Misteri Eleusini, Pitagora, i Druidi
I misteri e le iniziazioni egiziache si ripetono sostanzialmente in Grecia, nei misteri bacchici, dionisiaci, orfici, eleusini. Nella Fenicia la leggenda di Osiride, accomodata ai luoghi, divenne la leggenda di Venere e Adone, che, per la sua meravigliosa bellezza, piacendo ugualmente a Venere e a Proserpina, per sentenza di Giove, a impedire il divino litigio, doveva rimanere per quattro mesi presso dell’una, per altri quattro presso dell’altra e per altrettanto tempo, a compir l’anno, libero e padrone di sé. Però Adone, cacciando sul monte Libano, fu fatto a brani da un cinghiale: Venere tanto pianse sulla salma di lui, che Cocito, discepoli di Chirone, ne ebbe pietà, e restituì Adone alla vita.
Il culto adonisiaco si diffuse rapidamente dalla Fenicia in Siria, in Persia, in Grecia, in Sicilia; perfino la Giudea ebbe il suo Adone in Thammur, che, come narra Ezechiele, era pianto ogni anno dalle donne ebree, assise in silenzio sulla porta delle loro magioni.
I misteri cabirici in poco differenziavano da quelli di Adone: vi si ripetevano le identiche allegorie. Lo stesso può affermarsi delle iniziazioni Frigie e dei misteri dei Coribanti che si celebravano a Pessinunte, nell’equinozio di primavera, in cui il sole trionfa delle tenebre.

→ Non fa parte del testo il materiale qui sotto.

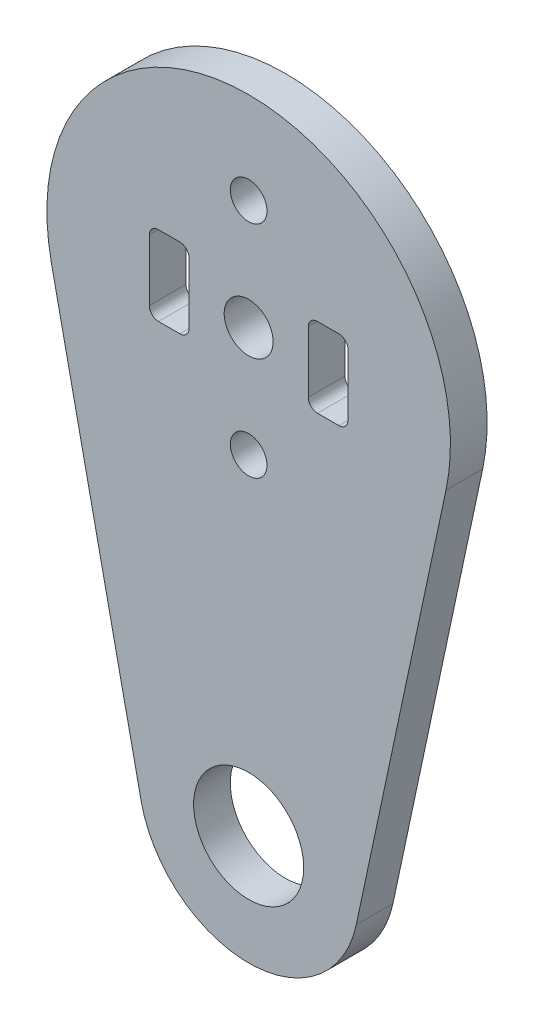
ISO-10303-21;
HEADER;
FILE_DESCRIPTION(('STEP AP214'),'2;1');
FILE_NAME('part.step','',(''),(''),'','','');
FILE_SCHEMA(('AUTOMOTIVE_DESIGN { 1 0 10303 214 1 1 1 1 }'));
ENDSEC;
DATA;
#1=APPLICATION_CONTEXT('core data for automotive mechanical design processes');
#2=APPLICATION_PROTOCOL_DEFINITION('international standard','automotive_design',2000,#1);
#3=PRODUCT_CONTEXT('',#1,'mechanical');
#4=PRODUCT('Part','Part','',(#3));
#5=PRODUCT_RELATED_PRODUCT_CATEGORY('part','',(#4));
#6=PRODUCT_DEFINITION_FORMATION('','',#4);
#7=PRODUCT_DEFINITION_CONTEXT('part definition',#1,'design');
#8=PRODUCT_DEFINITION('design','',#6,#7);
#9=PRODUCT_DEFINITION_SHAPE('','',#8);
#10=(LENGTH_UNIT() NAMED_UNIT(*) SI_UNIT(.MILLI.,.METRE.));
#11=(NAMED_UNIT(*) PLANE_ANGLE_UNIT() SI_UNIT($,.RADIAN.));
#12=(NAMED_UNIT(*) SI_UNIT($,.STERADIAN.) SOLID_ANGLE_UNIT());
#13=UNCERTAINTY_MEASURE_WITH_UNIT(LENGTH_MEASURE(1.E-05),#10,'distance_accuracy_value','');
#14=(GEOMETRIC_REPRESENTATION_CONTEXT(3) GLOBAL_UNCERTAINTY_ASSIGNED_CONTEXT((#13)) GLOBAL_UNIT_ASSIGNED_CONTEXT((#10,
#11,#12)) REPRESENTATION_CONTEXT('',''));
#15=CARTESIAN_POINT('',(0.,0.,0.));
#16=DIRECTION('',(0.,0.,1.));
#17=DIRECTION('',(1.,0.,0.));
#18=AXIS2_PLACEMENT_3D('',#15,#16,#17);
#19=CARTESIAN_POINT('',(215.7478079135,205.9520199932,3.));
#20=DIRECTION('',(0.,0.,1.));
#21=DIRECTION('',(1.,0.,0.));
#22=AXIS2_PLACEMENT_3D('',#19,#20,#21);
#23=PLANE('',#22);
#24=DIRECTION('',(-1.,0.,0.));
#25=VECTOR('',#24,1.);
#26=CARTESIAN_POINT('',(208.3728079135,245.2020199932,3.));
#27=LINE('',#26,#25);
#28=CARTESIAN_POINT('',(210.1228079135,245.2020199932,3.));
#29=VERTEX_POINT('',#28);
#30=CARTESIAN_POINT('',(208.3728079135,245.2020199932,3.));
#31=VERTEX_POINT('',#30);
#32=EDGE_CURVE('E178',#29,#31,#27,.T.);
#33=ORIENTED_EDGE('',*,*,#32,.F.);
#34=CARTESIAN_POINT('',(210.1228079135,244.4520199932,3.));
#35=DIRECTION('',(0.,0.,1.));
#36=DIRECTION('',(1.,0.,0.));
#37=AXIS2_PLACEMENT_3D('',#34,#35,#36);
#38=CIRCLE('',#37,0.750000000000001);
#39=CARTESIAN_POINT('',(210.8728079135,244.4520199932,3.));
#40=VERTEX_POINT('',#39);
#41=EDGE_CURVE('E170',#40,#29,#38,.T.);
#42=ORIENTED_EDGE('',*,*,#41,.F.);
#43=DIRECTION('',(0.,1.,0.));
#44=VECTOR('',#43,1.);
#45=CARTESIAN_POINT('',(210.8728079135,244.4520199932,3.));
#46=LINE('',#45,#44);
#47=CARTESIAN_POINT('',(210.8728079135,239.4520199932,3.));
#48=VERTEX_POINT('',#47);
#49=EDGE_CURVE('E205',#48,#40,#46,.T.);
#50=ORIENTED_EDGE('',*,*,#49,.F.);
#51=CARTESIAN_POINT('',(210.1228079135,239.4520199932,3.));
#52=DIRECTION('',(0.,0.,1.));
#53=DIRECTION('',(1.,0.,0.));
#54=AXIS2_PLACEMENT_3D('',#51,#52,#53);
#55=CIRCLE('',#54,0.750000000000001);
#56=CARTESIAN_POINT('',(210.1228079135,238.7020199932,3.));
#57=VERTEX_POINT('',#56);
#58=EDGE_CURVE('E203',#57,#48,#55,.T.);
#59=ORIENTED_EDGE('',*,*,#58,.F.);
#60=DIRECTION('',(1.,0.,0.));
#61=VECTOR('',#60,1.);
#62=CARTESIAN_POINT('',(210.1228079135,238.7020199932,3.));
#63=LINE('',#62,#61);
#64=CARTESIAN_POINT('',(208.3728079135,238.7020199932,3.));
#65=VERTEX_POINT('',#64);
#66=EDGE_CURVE('E201',#65,#57,#63,.T.);
#67=ORIENTED_EDGE('',*,*,#66,.F.);
#68=CARTESIAN_POINT('',(208.3728079135,239.4520199932,3.));
#69=DIRECTION('',(0.,0.,1.));
#70=DIRECTION('',(1.,0.,0.));
#71=AXIS2_PLACEMENT_3D('',#68,#69,#70);
#72=CIRCLE('',#71,0.750000000000237);
#73=CARTESIAN_POINT('',(207.6228079135,239.4520199932,3.));
#74=VERTEX_POINT('',#73);
#75=EDGE_CURVE('E199',#74,#65,#72,.T.);
#76=ORIENTED_EDGE('',*,*,#75,.F.);
#77=DIRECTION('',(0.,-1.,0.));
#78=VECTOR('',#77,1.);
#79=CARTESIAN_POINT('',(207.6228079135,239.4520199932,3.));
#80=LINE('',#79,#78);
#81=CARTESIAN_POINT('',(207.6228079135,244.4520199932,3.));
#82=VERTEX_POINT('',#81);
#83=EDGE_CURVE('E194',#82,#74,#80,.T.);
#84=ORIENTED_EDGE('',*,*,#83,.F.);
#85=CARTESIAN_POINT('',(208.3728079135,244.4520199932,3.));
#86=DIRECTION('',(0.,0.,1.));
#87=DIRECTION('',(1.,0.,0.));
#88=AXIS2_PLACEMENT_3D('',#85,#86,#87);
#89=CIRCLE('',#88,0.750000000000001);
#90=EDGE_CURVE('E192',#31,#82,#89,.T.);
#91=ORIENTED_EDGE('',*,*,#90,.F.);
#92=EDGE_LOOP('',(#33,#42,#50,#59,#67,#76,#84,#91));
#93=FACE_BOUND('',#92,.T.);
#94=CARTESIAN_POINT('',(215.7478079135,250.9520199932,3.));
#95=DIRECTION('',(0.,0.,1.));
#96=DIRECTION('',(1.,0.,0.));
#97=AXIS2_PLACEMENT_3D('',#94,#95,#96);
#98=CIRCLE('',#97,1.5);
#99=CARTESIAN_POINT('',(217.2478079135,250.9520199932,3.));
#100=VERTEX_POINT('',#99);
#101=EDGE_CURVE('E297',#100,#100,#98,.T.);
#102=ORIENTED_EDGE('',*,*,#101,.F.);
#103=EDGE_LOOP('',(#102));
#104=FACE_BOUND('',#103,.T.);
#105=CARTESIAN_POINT('',(215.7478079135,241.9520199932,3.));
#106=DIRECTION('',(0.,0.,1.));
#107=DIRECTION('',(1.,0.,0.));
#108=AXIS2_PLACEMENT_3D('',#105,#106,#107);
#109=CIRCLE('',#108,2.);
#110=CARTESIAN_POINT('',(217.7478079135,241.9520199932,3.));
#111=VERTEX_POINT('',#110);
#112=EDGE_CURVE('E309',#111,#111,#109,.T.);
#113=ORIENTED_EDGE('',*,*,#112,.F.);
#114=EDGE_LOOP('',(#113));
#115=FACE_BOUND('',#114,.T.);
#116=CARTESIAN_POINT('',(215.7478079135,205.9520199932,3.));
#117=DIRECTION('',(0.,0.,1.));
#118=DIRECTION('',(1.,0.,0.));
#119=AXIS2_PLACEMENT_3D('',#116,#117,#118);
#120=CIRCLE('',#119,8.99999999997151);
#121=CARTESIAN_POINT('',(206.9452869678,204.0770199932,3.));
#122=VERTEX_POINT('',#121);
#123=CARTESIAN_POINT('',(224.5503288592,204.0770199932,3.));
#124=VERTEX_POINT('',#123);
#125=EDGE_CURVE('E315',#122,#124,#120,.T.);
#126=ORIENTED_EDGE('',*,*,#125,.T.);
#127=DIRECTION('',(0.208333333334938,0.97805788285845,0.));
#128=VECTOR('',#127,1.);
#129=CARTESIAN_POINT('',(231.8857629807,238.5145199932,3.));
#130=LINE('',#129,#128);
#131=CARTESIAN_POINT('',(231.8857629807,238.5145199932,3.));
#132=VERTEX_POINT('',#131);
#133=EDGE_CURVE('E318',#124,#132,#130,.T.);
#134=ORIENTED_EDGE('',*,*,#133,.T.);
#135=CARTESIAN_POINT('',(215.7478079135,241.9520199932,3.));
#136=DIRECTION('',(0.,0.,1.));
#137=DIRECTION('',(1.,0.,0.));
#138=AXIS2_PLACEMENT_3D('',#135,#136,#137);
#139=CIRCLE('',#138,16.5000000000293);
#140=CARTESIAN_POINT('',(199.6098528463,238.5145199932,3.));
#141=VERTEX_POINT('',#140);
#142=EDGE_CURVE('E321',#132,#141,#139,.T.);
#143=ORIENTED_EDGE('',*,*,#142,.T.);
#144=DIRECTION('',(0.208333333334939,-0.97805788285845,0.));
#145=VECTOR('',#144,1.);
#146=CARTESIAN_POINT('',(206.9452869678,204.0770199932,3.));
#147=LINE('',#146,#145);
#148=EDGE_CURVE('E323',#141,#122,#147,.T.);
#149=ORIENTED_EDGE('',*,*,#148,.T.);
#150=EDGE_LOOP('',(#126,#134,#143,#149));
#151=FACE_BOUND('',#150,.T.);
#152=CARTESIAN_POINT('',(215.7478079135,232.9520199932,3.));
#153=DIRECTION('',(0.,0.,1.));
#154=DIRECTION('',(1.,0.,0.));
#155=AXIS2_PLACEMENT_3D('',#152,#153,#154);
#156=CIRCLE('',#155,1.5);
#157=CARTESIAN_POINT('',(217.2478079135,232.9520199932,3.));
#158=VERTEX_POINT('',#157);
#159=EDGE_CURVE('E303',#158,#158,#156,.T.);
#160=ORIENTED_EDGE('',*,*,#159,.F.);
#161=EDGE_LOOP('',(#160));
#162=FACE_BOUND('',#161,.T.);
#163=DIRECTION('',(0.,-1.,0.));
#164=VECTOR('',#163,1.);
#165=CARTESIAN_POINT('',(220.6228079135,244.4520199932,3.));
#166=LINE('',#165,#164);
#167=CARTESIAN_POINT('',(220.6228079135,244.4520199932,3.));
#168=VERTEX_POINT('',#167);
#169=CARTESIAN_POINT('',(220.6228079135,239.4520199932,3.));
#170=VERTEX_POINT('',#169);
#171=EDGE_CURVE('E240',#168,#170,#166,.T.);
#172=ORIENTED_EDGE('',*,*,#171,.F.);
#173=CARTESIAN_POINT('',(221.3728079135,244.4520199932,3.));
#174=DIRECTION('',(0.,0.,1.));
#175=DIRECTION('',(1.,0.,0.));
#176=AXIS2_PLACEMENT_3D('',#173,#174,#175);
#177=CIRCLE('',#176,0.750000000000001);
#178=CARTESIAN_POINT('',(221.3728079135,245.2020199932,3.));
#179=VERTEX_POINT('',#178);
#180=EDGE_CURVE('E238',#179,#168,#177,.T.);
#181=ORIENTED_EDGE('',*,*,#180,.F.);
#182=DIRECTION('',(-1.,0.,0.));
#183=VECTOR('',#182,1.);
#184=CARTESIAN_POINT('',(223.1228079135,245.2020199932,3.));
#185=LINE('',#184,#183);
#186=CARTESIAN_POINT('',(223.1228079135,245.2020199932,3.));
#187=VERTEX_POINT('',#186);
#188=EDGE_CURVE('E254',#187,#179,#185,.T.);
#189=ORIENTED_EDGE('',*,*,#188,.F.);
#190=CARTESIAN_POINT('',(223.1228079135,244.4520199932,3.));
#191=DIRECTION('',(0.,0.,1.));
#192=DIRECTION('',(1.,0.,0.));
#193=AXIS2_PLACEMENT_3D('',#190,#191,#192);
#194=CIRCLE('',#193,0.750000000000001);
#195=CARTESIAN_POINT('',(223.8728079135,244.4520199932,3.));
#196=VERTEX_POINT('',#195);
#197=EDGE_CURVE('E251',#196,#187,#194,.T.);
#198=ORIENTED_EDGE('',*,*,#197,.F.);
#199=DIRECTION('',(0.,1.,0.));
#200=VECTOR('',#199,1.);
#201=CARTESIAN_POINT('',(223.8728079135,239.4520199932,3.));
#202=LINE('',#201,#200);
#203=CARTESIAN_POINT('',(223.8728079135,239.4520199932,3.));
#204=VERTEX_POINT('',#203);
#205=EDGE_CURVE('E249',#204,#196,#202,.T.);
#206=ORIENTED_EDGE('',*,*,#205,.F.);
#207=CARTESIAN_POINT('',(223.1228079135,239.4520199932,3.));
#208=DIRECTION('',(0.,0.,1.));
#209=DIRECTION('',(1.,0.,0.));
#210=AXIS2_PLACEMENT_3D('',#207,#208,#209);
#211=CIRCLE('',#210,0.750000000000001);
#212=CARTESIAN_POINT('',(223.1228079135,238.7020199932,3.));
#213=VERTEX_POINT('',#212);
#214=EDGE_CURVE('E247',#213,#204,#211,.T.);
#215=ORIENTED_EDGE('',*,*,#214,.F.);
#216=DIRECTION('',(1.,0.,0.));
#217=VECTOR('',#216,1.);
#218=CARTESIAN_POINT('',(221.3728079135,238.7020199932,3.));
#219=LINE('',#218,#217);
#220=CARTESIAN_POINT('',(221.3728079135,238.7020199932,3.));
#221=VERTEX_POINT('',#220);
#222=EDGE_CURVE('E245',#221,#213,#219,.T.);
#223=ORIENTED_EDGE('',*,*,#222,.F.);
#224=CARTESIAN_POINT('',(221.3728079135,239.4520199932,3.));
#225=DIRECTION('',(0.,0.,1.));
#226=DIRECTION('',(1.,0.,0.));
#227=AXIS2_PLACEMENT_3D('',#224,#225,#226);
#228=CIRCLE('',#227,0.750000000000001);
#229=EDGE_CURVE('E243',#170,#221,#228,.T.);
#230=ORIENTED_EDGE('',*,*,#229,.F.);
#231=EDGE_LOOP('',(#172,#181,#189,#198,#206,#215,#223,#230));
#232=FACE_BOUND('',#231,.T.);
#233=CARTESIAN_POINT('',(215.7478079135,205.9520199932,3.));
#234=DIRECTION('',(0.,0.,1.));
#235=DIRECTION('',(1.,0.,0.));
#236=AXIS2_PLACEMENT_3D('',#233,#234,#235);
#237=CIRCLE('',#236,4.5);
#238=CARTESIAN_POINT('',(220.2478079135,205.9520199932,3.));
#239=VERTEX_POINT('',#238);
#240=EDGE_CURVE('E208',#239,#239,#237,.T.);
#241=ORIENTED_EDGE('',*,*,#240,.F.);
#242=EDGE_LOOP('',(#241));
#243=FACE_BOUND('',#242,.T.);
#244=ADVANCED_FACE('F33',(#93,#104,#115,#151,#162,#232,#243),#23,.T.);
#245=CARTESIAN_POINT('',(215.7478079135,205.9520199932,0.));
#246=DIRECTION('',(0.,0.,1.));
#247=DIRECTION('',(1.,0.,0.));
#248=AXIS2_PLACEMENT_3D('',#245,#246,#247);
#249=PLANE('',#248);
#250=CARTESIAN_POINT('',(210.1228079135,244.4520199932,0.));
#251=DIRECTION('',(0.,0.,1.));
#252=DIRECTION('',(1.,0.,0.));
#253=AXIS2_PLACEMENT_3D('',#250,#251,#252);
#254=CIRCLE('',#253,0.750000000000001);
#255=CARTESIAN_POINT('',(210.8728079135,244.4520199932,0.));
#256=VERTEX_POINT('',#255);
#257=CARTESIAN_POINT('',(210.1228079135,245.2020199932,0.));
#258=VERTEX_POINT('',#257);
#259=EDGE_CURVE('E56',#256,#258,#254,.T.);
#260=ORIENTED_EDGE('',*,*,#259,.T.);
#261=DIRECTION('',(-1.,0.,0.));
#262=VECTOR('',#261,1.);
#263=CARTESIAN_POINT('',(208.3728079135,245.2020199932,0.));
#264=LINE('',#263,#262);
#265=CARTESIAN_POINT('',(208.3728079135,245.2020199932,0.));
#266=VERTEX_POINT('',#265);
#267=EDGE_CURVE('E185',#258,#266,#264,.T.);
#268=ORIENTED_EDGE('',*,*,#267,.T.);
#269=CARTESIAN_POINT('',(208.3728079135,244.4520199932,0.));
#270=DIRECTION('',(0.,0.,1.));
#271=DIRECTION('',(1.,0.,0.));
#272=AXIS2_PLACEMENT_3D('',#269,#270,#271);
#273=CIRCLE('',#272,0.750000000000001);
#274=CARTESIAN_POINT('',(207.6228079135,244.4520199932,0.));
#275=VERTEX_POINT('',#274);
#276=EDGE_CURVE('E210',#266,#275,#273,.T.);
#277=ORIENTED_EDGE('',*,*,#276,.T.);
#278=DIRECTION('',(0.,-1.,0.));
#279=VECTOR('',#278,1.);
#280=CARTESIAN_POINT('',(207.6228079135,239.4520199932,0.));
#281=LINE('',#280,#279);
#282=CARTESIAN_POINT('',(207.6228079135,239.4520199932,0.));
#283=VERTEX_POINT('',#282);
#284=EDGE_CURVE('E213',#275,#283,#281,.T.);
#285=ORIENTED_EDGE('',*,*,#284,.T.);
#286=CARTESIAN_POINT('',(208.3728079135,239.4520199932,0.));
#287=DIRECTION('',(0.,0.,1.));
#288=DIRECTION('',(1.,0.,0.));
#289=AXIS2_PLACEMENT_3D('',#286,#287,#288);
#290=CIRCLE('',#289,0.750000000000237);
#291=CARTESIAN_POINT('',(208.3728079135,238.7020199932,0.));
#292=VERTEX_POINT('',#291);
#293=EDGE_CURVE('E216',#283,#292,#290,.T.);
#294=ORIENTED_EDGE('',*,*,#293,.T.);
#295=DIRECTION('',(1.,0.,0.));
#296=VECTOR('',#295,1.);
#297=CARTESIAN_POINT('',(210.1228079135,238.7020199932,0.));
#298=LINE('',#297,#296);
#299=CARTESIAN_POINT('',(210.1228079135,238.7020199932,0.));
#300=VERTEX_POINT('',#299);
#301=EDGE_CURVE('E219',#292,#300,#298,.T.);
#302=ORIENTED_EDGE('',*,*,#301,.T.);
#303=CARTESIAN_POINT('',(210.1228079135,239.4520199932,0.));
#304=DIRECTION('',(0.,0.,1.));
#305=DIRECTION('',(1.,0.,0.));
#306=AXIS2_PLACEMENT_3D('',#303,#304,#305);
#307=CIRCLE('',#306,0.750000000000001);
#308=CARTESIAN_POINT('',(210.8728079135,239.4520199932,0.));
#309=VERTEX_POINT('',#308);
#310=EDGE_CURVE('E222',#300,#309,#307,.T.);
#311=ORIENTED_EDGE('',*,*,#310,.T.);
#312=DIRECTION('',(0.,1.,0.));
#313=VECTOR('',#312,1.);
#314=CARTESIAN_POINT('',(210.8728079135,244.4520199932,0.));
#315=LINE('',#314,#313);
#316=EDGE_CURVE('E179',#309,#256,#315,.T.);
#317=ORIENTED_EDGE('',*,*,#316,.T.);
#318=EDGE_LOOP('',(#260,#268,#277,#285,#294,#302,#311,#317));
#319=FACE_BOUND('',#318,.T.);
#320=CARTESIAN_POINT('',(215.7478079135,250.9520199932,0.));
#321=DIRECTION('',(0.,0.,1.));
#322=DIRECTION('',(1.,0.,0.));
#323=AXIS2_PLACEMENT_3D('',#320,#321,#322);
#324=CIRCLE('',#323,1.5);
#325=CARTESIAN_POINT('',(217.2478079135,250.9520199932,0.));
#326=VERTEX_POINT('',#325);
#327=EDGE_CURVE('E296',#326,#326,#324,.T.);
#328=ORIENTED_EDGE('',*,*,#327,.T.);
#329=EDGE_LOOP('',(#328));
#330=FACE_BOUND('',#329,.T.);
#331=CARTESIAN_POINT('',(215.7478079135,241.9520199932,0.));
#332=DIRECTION('',(0.,0.,1.));
#333=DIRECTION('',(1.,0.,0.));
#334=AXIS2_PLACEMENT_3D('',#331,#332,#333);
#335=CIRCLE('',#334,2.);
#336=CARTESIAN_POINT('',(217.7478079135,241.9520199932,0.));
#337=VERTEX_POINT('',#336);
#338=EDGE_CURVE('E306',#337,#337,#335,.T.);
#339=ORIENTED_EDGE('',*,*,#338,.T.);
#340=EDGE_LOOP('',(#339));
#341=FACE_BOUND('',#340,.T.);
#342=CARTESIAN_POINT('',(215.7478079135,205.9520199932,0.));
#343=DIRECTION('',(0.,0.,1.));
#344=DIRECTION('',(1.,0.,0.));
#345=AXIS2_PLACEMENT_3D('',#342,#343,#344);
#346=CIRCLE('',#345,8.99999999997151);
#347=CARTESIAN_POINT('',(206.9452869678,204.0770199932,0.));
#348=VERTEX_POINT('',#347);
#349=CARTESIAN_POINT('',(224.5503288592,204.0770199932,0.));
#350=VERTEX_POINT('',#349);
#351=EDGE_CURVE('E312',#348,#350,#346,.T.);
#352=ORIENTED_EDGE('',*,*,#351,.F.);
#353=DIRECTION('',(0.208333333334939,-0.97805788285845,0.));
#354=VECTOR('',#353,1.);
#355=CARTESIAN_POINT('',(206.9452869678,204.0770199932,0.));
#356=LINE('',#355,#354);
#357=CARTESIAN_POINT('',(199.6098528463,238.5145199932,0.));
#358=VERTEX_POINT('',#357);
#359=EDGE_CURVE('E319',#358,#348,#356,.T.);
#360=ORIENTED_EDGE('',*,*,#359,.F.);
#361=CARTESIAN_POINT('',(215.7478079135,241.9520199932,0.));
#362=DIRECTION('',(0.,0.,1.));
#363=DIRECTION('',(1.,0.,0.));
#364=AXIS2_PLACEMENT_3D('',#361,#362,#363);
#365=CIRCLE('',#364,16.5000000000293);
#366=CARTESIAN_POINT('',(231.8857629807,238.5145199932,0.));
#367=VERTEX_POINT('',#366);
#368=EDGE_CURVE('E330',#367,#358,#365,.T.);
#369=ORIENTED_EDGE('',*,*,#368,.F.);
#370=DIRECTION('',(0.208333333334938,0.97805788285845,0.));
#371=VECTOR('',#370,1.);
#372=CARTESIAN_POINT('',(231.8857629807,238.5145199932,0.));
#373=LINE('',#372,#371);
#374=EDGE_CURVE('E328',#350,#367,#373,.T.);
#375=ORIENTED_EDGE('',*,*,#374,.F.);
#376=EDGE_LOOP('',(#352,#360,#369,#375));
#377=FACE_BOUND('',#376,.T.);
#378=CARTESIAN_POINT('',(215.7478079135,232.9520199932,0.));
#379=DIRECTION('',(0.,0.,1.));
#380=DIRECTION('',(1.,0.,0.));
#381=AXIS2_PLACEMENT_3D('',#378,#379,#380);
#382=CIRCLE('',#381,1.5);
#383=CARTESIAN_POINT('',(217.2478079135,232.9520199932,0.));
#384=VERTEX_POINT('',#383);
#385=EDGE_CURVE('E300',#384,#384,#382,.T.);
#386=ORIENTED_EDGE('',*,*,#385,.T.);
#387=EDGE_LOOP('',(#386));
#388=FACE_BOUND('',#387,.T.);
#389=CARTESIAN_POINT('',(221.3728079135,244.4520199932,0.));
#390=DIRECTION('',(0.,0.,1.));
#391=DIRECTION('',(1.,0.,0.));
#392=AXIS2_PLACEMENT_3D('',#389,#390,#391);
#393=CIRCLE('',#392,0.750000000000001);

I Misteri Eleusini si celebravano in onore di Cerere, la greca Iside, madre e nutrice di popoli, venuta dalla Sicilia, fertilissima di biade, a dar leggi, costumi e patria alle genti selvagge e disperse. Vagò piangendo per il mondo in cerca della figlia Proserpina, rapitale da Plutone. Eleusi la ospitò, le eresse un tempio magnifico e istituì nel suo nome e per il suo culto, feste, misteri, e sacerdozi.
Le feste eleusine duravano nove giorni e consistevano in cerimonie espiatorie, astinenze, lustrazioni, giuramenti di mantenere il segreto. Le iniziazioni sembra si componessero di tre gradi: Telessi, Misti e Copti. Non vi erano ammessi gli epicurei, i barbari, gli empi. Dei rituali, con i quali si celebravano, esistevano più copie ai tempi dell’imperatore Giuliano: fino a noi non ne giunse pur’una: comunque ne scrissero alcuni ed è quindi possibile indurne congetture di verità.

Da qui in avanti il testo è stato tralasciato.